The Board of Education has gone along with the Department of Education line on this for far too long, the directors unable to see the forest through the trees. The PEP-T evaluation system was working perfectly well until it was decided by the DOE hierarchy that more was needed to satisfy the whims of Arne Duncan, the former U.S. secretary of education, and the federal Race to the Top education reform program. Ironically, the impetus for embracing this failed program was in gaining an extra $75 million over four years. So why not spend a billion to get there?

Think of it: An unreported sum of expenses racked up by administrating and operating EES has cost the state the ability to retain teachers. How much has it cost? How about starting with the cost of the many extra vice principals hired statewide simply to implement EES? What was the cost of their training? Likely, way too much, because when their primary task was to observe teachers teaching, vice principals spent much of time typing on laptops every word spoken by those observed. Anyone want to argue that the newly trained came up with objective conclusions?

What was the cost of aggregating the so-called data resulting from the high-stakes testing at the heart of this fiasco? What was the cost of mandating the purchase of new curriculum aligned with Common Core and the testing? What were the costs of the testing?

Ironically, at a Board of Education meeting Oct. 4, the board’s finance committee was presented a budget for the next school year. Some of the committee members questioned the need for hiring several data analysts at six-figure salaries. “Must-have” or “would be nice,” the DOE contingent was asked. “Must have” of course, the skeptical members were told, perhaps because the justification provided was nominal and obfuscated, a tactic typical of the DOE bureaucracy.

Has anyone asked for an audit of this mess? Does anyone in government really want an audit of this mess? Likely not, because when teachers here have endured decades of hand-wringing by the state when it comes to paying them, when they are told there is no money to adequately compensate them, who would want to admit that teachers could have been paid well if not for spending exorbitant sums to conduct business as usual under the shibai perpetrated by bureaucrats.

What was the end result of all this expense? Less than one-half percent of Hawaii’s teachers were evaluated as unsatisfactory.
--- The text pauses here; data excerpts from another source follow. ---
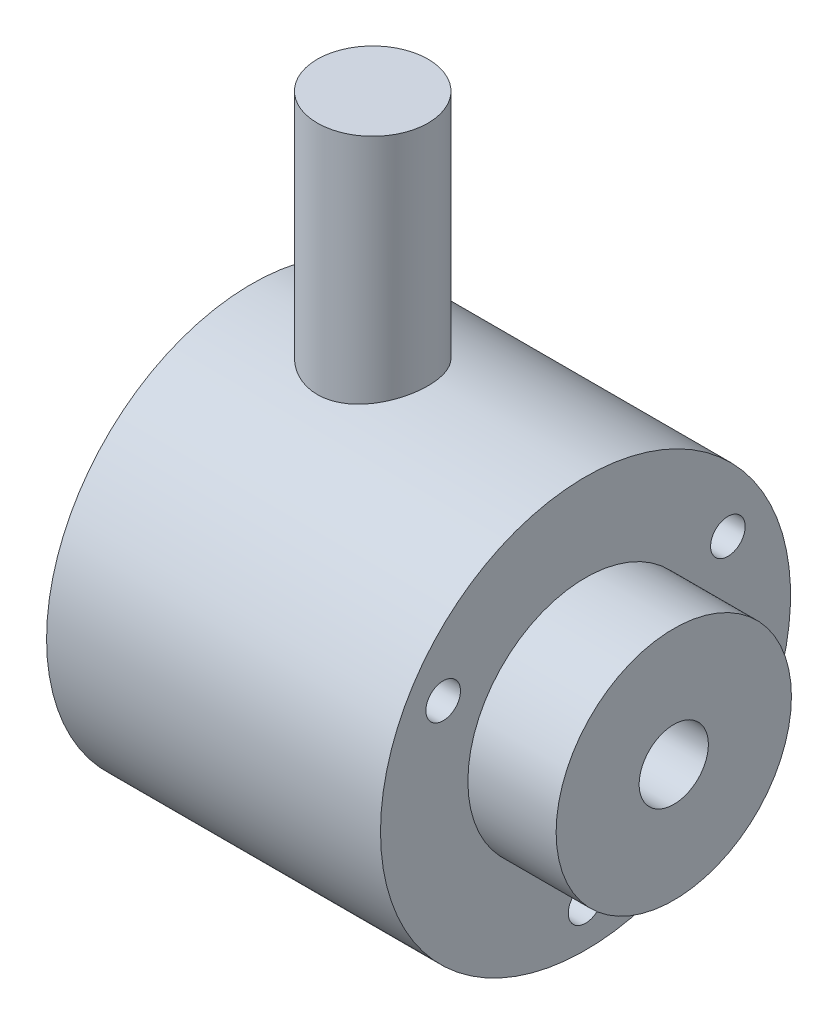
ISO-10303-21;
HEADER;
FILE_DESCRIPTION(('STEP AP214'),'2;1');
FILE_NAME('part.step','',(''),(''),'','','');
FILE_SCHEMA(('AUTOMOTIVE_DESIGN { 1 0 10303 214 1 1 1 1 }'));
ENDSEC;
DATA;
#1=APPLICATION_CONTEXT('core data for automotive mechanical design processes');
#2=APPLICATION_PROTOCOL_DEFINITION('international standard','automotive_design',2000,#1);
#3=PRODUCT_CONTEXT('',#1,'mechanical');
#4=PRODUCT('Part','Part','',(#3));
#5=PRODUCT_RELATED_PRODUCT_CATEGORY('part','',(#4));
#6=PRODUCT_DEFINITION_FORMATION('','',#4);
#7=PRODUCT_DEFINITION_CONTEXT('part definition',#1,'design');
#8=PRODUCT_DEFINITION('design','',#6,#7);
#9=PRODUCT_DEFINITION_SHAPE('','',#8);
#10=(LENGTH_UNIT() NAMED_UNIT(*) SI_UNIT(.MILLI.,.METRE.));
#11=(NAMED_UNIT(*) PLANE_ANGLE_UNIT() SI_UNIT($,.RADIAN.));
#12=(NAMED_UNIT(*) SI_UNIT($,.STERADIAN.) SOLID_ANGLE_UNIT());
#13=UNCERTAINTY_MEASURE_WITH_UNIT(LENGTH_MEASURE(1.E-05),#10,'distance_accuracy_value','');
#14=(GEOMETRIC_REPRESENTATION_CONTEXT(3) GLOBAL_UNCERTAINTY_ASSIGNED_CONTEXT((#13)) GLOBAL_UNIT_ASSIGNED_CONTEXT((#10,
#11,#12)) REPRESENTATION_CONTEXT('',''));
#15=CARTESIAN_POINT('',(0.,0.,0.));
#16=DIRECTION('',(0.,0.,1.));
#17=DIRECTION('',(1.,0.,0.));
#18=AXIS2_PLACEMENT_3D('',#15,#16,#17);
#19=CARTESIAN_POINT('',(0.,0.,0.));
#20=DIRECTION('',(-1.,0.,0.));
#21=DIRECTION('',(0.,0.,1.));
#22=AXIS2_PLACEMENT_3D('',#19,#20,#21);
#23=CYLINDRICAL_SURFACE('',#22,11.85);
#24=CARTESIAN_POINT('',(0.,0.,0.));
#25=DIRECTION('',(-1.,0.,0.));
#26=DIRECTION('',(0.,0.,1.));
#27=AXIS2_PLACEMENT_3D('',#24,#25,#26);
#28=CIRCLE('',#27,11.85);
#29=CARTESIAN_POINT('',(0.,0.,11.85));
#30=VERTEX_POINT('',#29);
#31=EDGE_CURVE('E54',#30,#30,#28,.T.);
#32=ORIENTED_EDGE('',*,*,#31,.F.);
#33=EDGE_LOOP('',(#32));
#34=FACE_BOUND('',#33,.T.);
#35=CARTESIAN_POINT('',(19.3,0.,0.));
#36=DIRECTION('',(-1.,0.,0.));
#37=DIRECTION('',(0.,0.,1.));
#38=AXIS2_PLACEMENT_3D('',#35,#36,#37);
#39=CIRCLE('',#38,11.85);
#40=CARTESIAN_POINT('',(19.3,0.,11.85));
#41=VERTEX_POINT('',#40);
#42=EDGE_CURVE('E49',#41,#41,#39,.T.);
#43=ORIENTED_EDGE('',*,*,#42,.T.);
#44=EDGE_LOOP('',(#43));
#45=FACE_BOUND('',#44,.T.);
#46=CARTESIAN_POINT('',(7.,11.409754598588,-3.2));
#47=CARTESIAN_POINT('',(6.82380774229045,11.4097575680034,-3.19999592401129));
#48=CARTESIAN_POINT('',(6.64757271287549,11.4138804270188,-3.18539868863309));
#49=CARTESIAN_POINT('',(6.30019838440241,11.4298755165217,-3.12750986156378));
#50=CARTESIAN_POINT('',(6.12906159932202,11.4417515060929,-3.08420435058802));
#51=CARTESIAN_POINT('',(5.79695939713014,11.471811921207,-2.97043115845945));
#52=CARTESIAN_POINT('',(5.6359798117785,11.4899873189946,-2.90000233207576));
#53=CARTESIAN_POINT('',(5.32809447371995,11.5305870644057,-2.73410407961744));
#54=CARTESIAN_POINT('',(5.18118991747341,11.553011772764,-2.6386325273374));
#55=CARTESIAN_POINT('',(4.90185693204531,11.6002279726611,-2.42274023706277));
#56=CARTESIAN_POINT('',(4.7698429474427,11.6250622743117,-2.30179251904075));
#57=CARTESIAN_POINT('',(4.52770486938859,11.6739303333733,-2.03951413517226));
#58=CARTESIAN_POINT('',(4.41758309435205,11.6979640057724,-1.89818131324726));
#59=CARTESIAN_POINT('',(4.22062031965671,11.7430014030105,-1.59626366210396));
#60=CARTESIAN_POINT('',(4.13419236113306,11.7639487428485,-1.4354002341465));
#61=CARTESIAN_POINT('',(3.98976602327142,11.799961482024,-1.10076516604323));
#62=CARTESIAN_POINT('',(3.93176272315162,11.8150278993552,-0.92699576613845));
#63=CARTESIAN_POINT('',(3.84717643084845,11.8372784899246,-0.575808395145115));
#64=CARTESIAN_POINT('',(3.81988819948586,11.8446392990129,-0.398571674602367));
#65=CARTESIAN_POINT('',(3.79528677210897,11.8512673231678,-0.0418932622875973));
#66=CARTESIAN_POINT('',(3.79796843625129,11.8505359260496,0.137548046124414));
#67=CARTESIAN_POINT('',(3.83273627728727,11.8411909294001,0.488629489641201));
#68=CARTESIAN_POINT('',(3.86406034273173,11.8327816305976,0.660351367713395));
#69=CARTESIAN_POINT('',(3.9539912779912,11.8092674719823,0.996004341884338));
#70=CARTESIAN_POINT('',(4.01259972310905,11.7941622255717,1.15993498754273));
#71=CARTESIAN_POINT('',(4.15601315484096,11.7586523764224,1.47728465005468));
#72=CARTESIAN_POINT('',(4.24107716741304,11.7381957073039,1.63058054498369));
#73=CARTESIAN_POINT('',(4.4347877291809,11.6941839117502,1.92098043659776));
#74=CARTESIAN_POINT('',(4.54343897597417,11.6706281684767,2.05808119947439));
#75=CARTESIAN_POINT('',(4.78527675183331,11.6220935512996,2.31674828240857));
#76=CARTESIAN_POINT('',(4.9191276338429,11.5970932195982,2.43769018428542));
#77=CARTESIAN_POINT('',(5.20546913518976,11.5491537810121,2.65556513991868));
#78=CARTESIAN_POINT('',(5.3579609507412,11.5262148065715,2.75249665168634));
#79=CARTESIAN_POINT('',(5.67863713907115,11.4849075132602,2.92009097160132));
#80=CARTESIAN_POINT('',(5.84691656566427,11.4665696935773,2.99057995132467));
#81=CARTESIAN_POINT('',(6.19355733166552,11.4369178687564,3.10205966238327));
#82=CARTESIAN_POINT('',(6.37191608482666,11.425602070691,3.14305792398657));
#83=CARTESIAN_POINT('',(6.72780273686184,11.411658614057,3.19330733896917));
#84=CARTESIAN_POINT('',(6.90518901880268,11.408775667861,3.20349166060649));
#85=CARTESIAN_POINT('',(7.25913077717547,11.411325142468,3.19439853899469));
#86=CARTESIAN_POINT('',(7.4356863424694,11.4167566526082,3.17512432227043));
#87=CARTESIAN_POINT('',(7.77933151479855,11.4350760579743,3.10848478303929));
#88=CARTESIAN_POINT('',(7.94653941442026,11.4478139280258,3.06168419628569));
#89=CARTESIAN_POINT('',(8.27073121655569,11.4791633930181,2.9419572780013));
#90=CARTESIAN_POINT('',(8.42771375565732,11.4977757693178,2.86902747088893));
#91=CARTESIAN_POINT('',(8.73089240857395,11.5392982716577,2.69722999475763));
#92=CARTESIAN_POINT('',(8.87676697287682,11.562295554802,2.59781642857554));
#93=CARTESIAN_POINT('',(9.15010593726874,11.609793376176,2.37654730660019));
#94=CARTESIAN_POINT('',(9.27756677667512,11.6342942038462,2.2546874206737));
#95=CARTESIAN_POINT('',(9.51435369753933,11.6829202250697,1.98766156974679));
#96=CARTESIAN_POINT('',(9.62302795520987,11.7070125941024,1.84191041226666));
#97=CARTESIAN_POINT('',(9.81436959196133,11.7513610088361,1.53369440981604));
#98=CARTESIAN_POINT('',(9.89703835570024,11.7716172587678,1.37123045532696));
#99=CARTESIAN_POINT('',(10.0332567737972,11.8058804960917,1.03534423344111));
#100=CARTESIAN_POINT('',(10.0870248347323,11.8199342079645,0.862015538298308));
#101=CARTESIAN_POINT('',(10.164543800741,11.8404146993941,0.508345583337205));
#102=CARTESIAN_POINT('',(10.18830154049,11.8468432155245,0.328005929870998));
#103=CARTESIAN_POINT('',(10.2046882508709,11.8512646812601,-0.0284838875317339));
#104=CARTESIAN_POINT('',(10.1982722253888,11.8495164362624,-0.204587556452675));
#105=CARTESIAN_POINT('',(10.1567172698764,11.8383684732355,-0.553111932300254));
#106=CARTESIAN_POINT('',(10.1215794676829,11.82896905565,-0.725532783569712));
#107=CARTESIAN_POINT('',(10.0241238347795,11.8036285308137,-1.06061737179052));
#108=CARTESIAN_POINT('',(9.96200413452976,11.7877351587624,-1.22334258256347));
#109=CARTESIAN_POINT('',(9.81252467956184,11.751066489492,-1.53615320081743));
#110=CARTESIAN_POINT('',(9.72516131635676,11.7302904943997,-1.68623679726302));
#111=CARTESIAN_POINT('',(9.52490396376074,11.6853704991508,-1.97393214636261));
#112=CARTESIAN_POINT('',(9.41137997102649,11.6611502380674,-2.11109342317194));
#113=CARTESIAN_POINT('',(9.16321284847764,11.6123733344245,-2.36474175477149));
#114=CARTESIAN_POINT('',(9.02856412246683,11.587816604308,-2.48122331377616));
#115=CARTESIAN_POINT('',(8.73829103098257,11.5405034566917,-2.69282910032353));
#116=CARTESIAN_POINT('',(8.58225970993745,11.5178005977344,-2.78740815092461));
#117=CARTESIAN_POINT('',(8.25591651396196,11.4775303232658,-2.94885855927283));
#118=CARTESIAN_POINT('',(8.0856138363468,11.4599596325385,-3.0157475994878));
#119=CARTESIAN_POINT('',(7.76334508913284,11.4343169514178,-3.11141954576664));
#120=CARTESIAN_POINT('',(7.61274290482724,11.4251817322584,-3.14455799961762));
#121=CARTESIAN_POINT('',(7.30810443709434,11.4128996193869,-3.18884868038529));
#122=CARTESIAN_POINT('',(7.15406857092972,11.409752002029,-3.20000356418474));
#123=CARTESIAN_POINT('',(7.,11.409754598588,-3.2));
#124=B_SPLINE_CURVE_WITH_KNOTS('',3,(#46,#47,#48,#49,#50,#51,#52,#53,#54,#55,#56,#57,#58,#59,
#60,#61,#62,#63,#64,#65,#66,#67,#68,#69,#70,#71,#72,#73,#74,#75,#76,#77,#78,#79,#80,#81,#82,#83,
#84,#85,#86,#87,#88,#89,#90,#91,#92,#93,#94,#95,#96,#97,#98,#99,#100,#101,#102,#103,#104,#105,
#106,#107,#108,#109,#110,#111,#112,#113,#114,#115,#116,#117,#118,#119,#120,#121,#122,#123),
.UNSPECIFIED.,.T.,.F.,(4,2,2,2,2,2,2,2,2,2,2,2,2,2,2,2,2,2,2,2,2,2,2,2,2,2,2,2,2,2,2,2,2,2,2,2,
2,2,4),(0.,0.528010074198887,1.05627634292522,1.58378865627004,2.1113457715579,2.6511305284997,
3.19097241896999,3.73970018929446,4.28833293211483,4.82409394550201,5.35976307717268,
5.8815813025168,6.40342965952268,6.93055743822454,7.45779029535627,8.00161015244497,
8.54546492553488,9.09283472939428,9.64006471617913,10.1705476708594,10.7009725271451,
11.2208770374876,11.7408507286849,12.2725058361726,12.8042636131897,13.3518309263622,
13.8993690794717,14.442709063442,14.9859252825824,15.5120664629658,16.0381869840109,
16.5605077942108,17.0829033051786,17.6195131338783,18.156265357767,18.7052087809869,
19.2538011135512,19.7155670966802,20.1772772684314),.UNSPECIFIED.);
#125=CARTESIAN_POINT('',(7.,11.409754598588,-3.2));
#126=VERTEX_POINT('',#125);
#127=EDGE_CURVE('E10',#126,#126,#124,.T.);
#128=ORIENTED_EDGE('',*,*,#127,.F.);
#129=EDGE_LOOP('',(#128));
#130=FACE_BOUND('',#129,.T.);
#131=ADVANCED_FACE('F30',(#34,#45,#130),#23,.T.);
#132=CARTESIAN_POINT('',(0.,11.85,0.));
#133=DIRECTION('',(1.,0.,0.));
#134=DIRECTION('',(0.,0.,-1.));
#135=AXIS2_PLACEMENT_3D('',#132,#133,#134);
#136=PLANE('',#135);
#137=ORIENTED_EDGE('',*,*,#31,.T.);
#138=EDGE_LOOP('',(#137));
#139=FACE_BOUND('',#138,.T.);
#140=ADVANCED_FACE('F32',(#139),#136,.F.);
#141=CARTESIAN_POINT('',(24.4,0.,0.));
#142=DIRECTION('',(-1.,0.,0.));
#143=DIRECTION('',(0.,0.,1.));
#144=AXIS2_PLACEMENT_3D('',#141,#142,#143);
#145=PLANE('',#144);
#146=CARTESIAN_POINT('',(24.4,0.,0.));
#147=DIRECTION('',(1.,0.,0.));
#148=DIRECTION('',(0.,0.,-1.));
#149=AXIS2_PLACEMENT_3D('',#146,#147,#148);
#150=CIRCLE('',#149,2.);
#151=CARTESIAN_POINT('',(24.4,0.,-2.));
#152=VERTEX_POINT('',#151);
#153=EDGE_CURVE('E61',#152,#152,#150,.T.);
#154=ORIENTED_EDGE('',*,*,#153,.F.);
#155=EDGE_LOOP('',(#154));
#156=FACE_BOUND('',#155,.T.);
#157=CARTESIAN_POINT('',(24.4,0.,0.));
#158=DIRECTION('',(-1.,0.,0.));
#159=DIRECTION('',(0.,0.,1.));
#160=AXIS2_PLACEMENT_3D('',#157,#158,#159);
#161=CIRCLE('',#160,6.8);
#162=CARTESIAN_POINT('',(24.4,0.,6.8));
#163=VERTEX_POINT('',#162);
#164=EDGE_CURVE('E41',#163,#163,#161,.T.);
#165=ORIENTED_EDGE('',*,*,#164,.F.);
#166=EDGE_LOOP('',(#165));
#167=FACE_BOUND('',#166,.T.);
#168=ADVANCED_FACE('F109',(#156,#167),#145,.F.);
#169=CARTESIAN_POINT('',(0.,0.,0.));
#170=DIRECTION('',(-1.,0.,0.));
#171=DIRECTION('',(0.,0.,1.));
#172=AXIS2_PLACEMENT_3D('',#169,#170,#171);
#173=CYLINDRICAL_SURFACE('',#172,6.8);
#174=CARTESIAN_POINT('',(19.3,0.,0.));
#175=DIRECTION('',(-1.,0.,0.));
#176=DIRECTION('',(0.,0.,1.));
#177=AXIS2_PLACEMENT_3D('',#174,#175,#176);
#178=CIRCLE('',#177,6.8);
#179=CARTESIAN_POINT('',(19.3,0.,6.8));
#180=VERTEX_POINT('',#179);
#181=EDGE_CURVE('E45',#180,#180,#178,.T.);
#182=ORIENTED_EDGE('',*,*,#181,.F.);
#183=EDGE_LOOP('',(#182));
#184=FACE_BOUND('',#183,.T.);
#185=ORIENTED_EDGE('',*,*,#164,.T.);
#186=EDGE_LOOP('',(#185));
#187=FACE_BOUND('',#186,.T.);
#188=ADVANCED_FACE('F98',(#184,#187),#173,.T.);
#189=CARTESIAN_POINT('',(19.3,6.8,0.));
#190=DIRECTION('',(-1.,0.,0.));
#191=DIRECTION('',(0.,0.,1.));
#192=AXIS2_PLACEMENT_3D('',#189,#190,#191);
#193=PLANE('',#192);
#194=CARTESIAN_POINT('',(19.3,4.75000000000003,-8.22724133595227));
#195=DIRECTION('',(1.,0.,0.));
#196=DIRECTION('',(0.,0.,-1.));
#197=AXIS2_PLACEMENT_3D('',#194,#195,#196);
#198=CIRCLE('',#197,1.);
#199=CARTESIAN_POINT('',(19.3,4.75000000000003,-9.22724133595227));
#200=VERTEX_POINT('',#199);
#201=EDGE_CURVE('E79',#200,#200,#198,.T.);
#202=ORIENTED_EDGE('',*,*,#201,.F.);
#203=EDGE_LOOP('',(#202));
#204=FACE_BOUND('',#203,.T.);
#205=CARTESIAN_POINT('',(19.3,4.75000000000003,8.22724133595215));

The same result could have been reached through PEP-T at no extra cost. In the meantime, morale expressed by virtually every teacher I come in contact with has plummeted, as they lose the struggle to keep up with the cost of living here. Teachers have come to me in tears after looking forward to their raise, only to find it was negated by rising medical premiums. Totally demoralized, they have told me that they are leaving Hawaii, no longer willing to work two or three jobs in order to make rent. Several good teachers I have known well have already left.

The realization leaves one with an empty feeling.

* Alan Isbell is a 4th-grade teacher at Wailuku Elementary School and president of the Maui Chapter of the Hawaii State Teachers Association union, representing 1,458 teachers.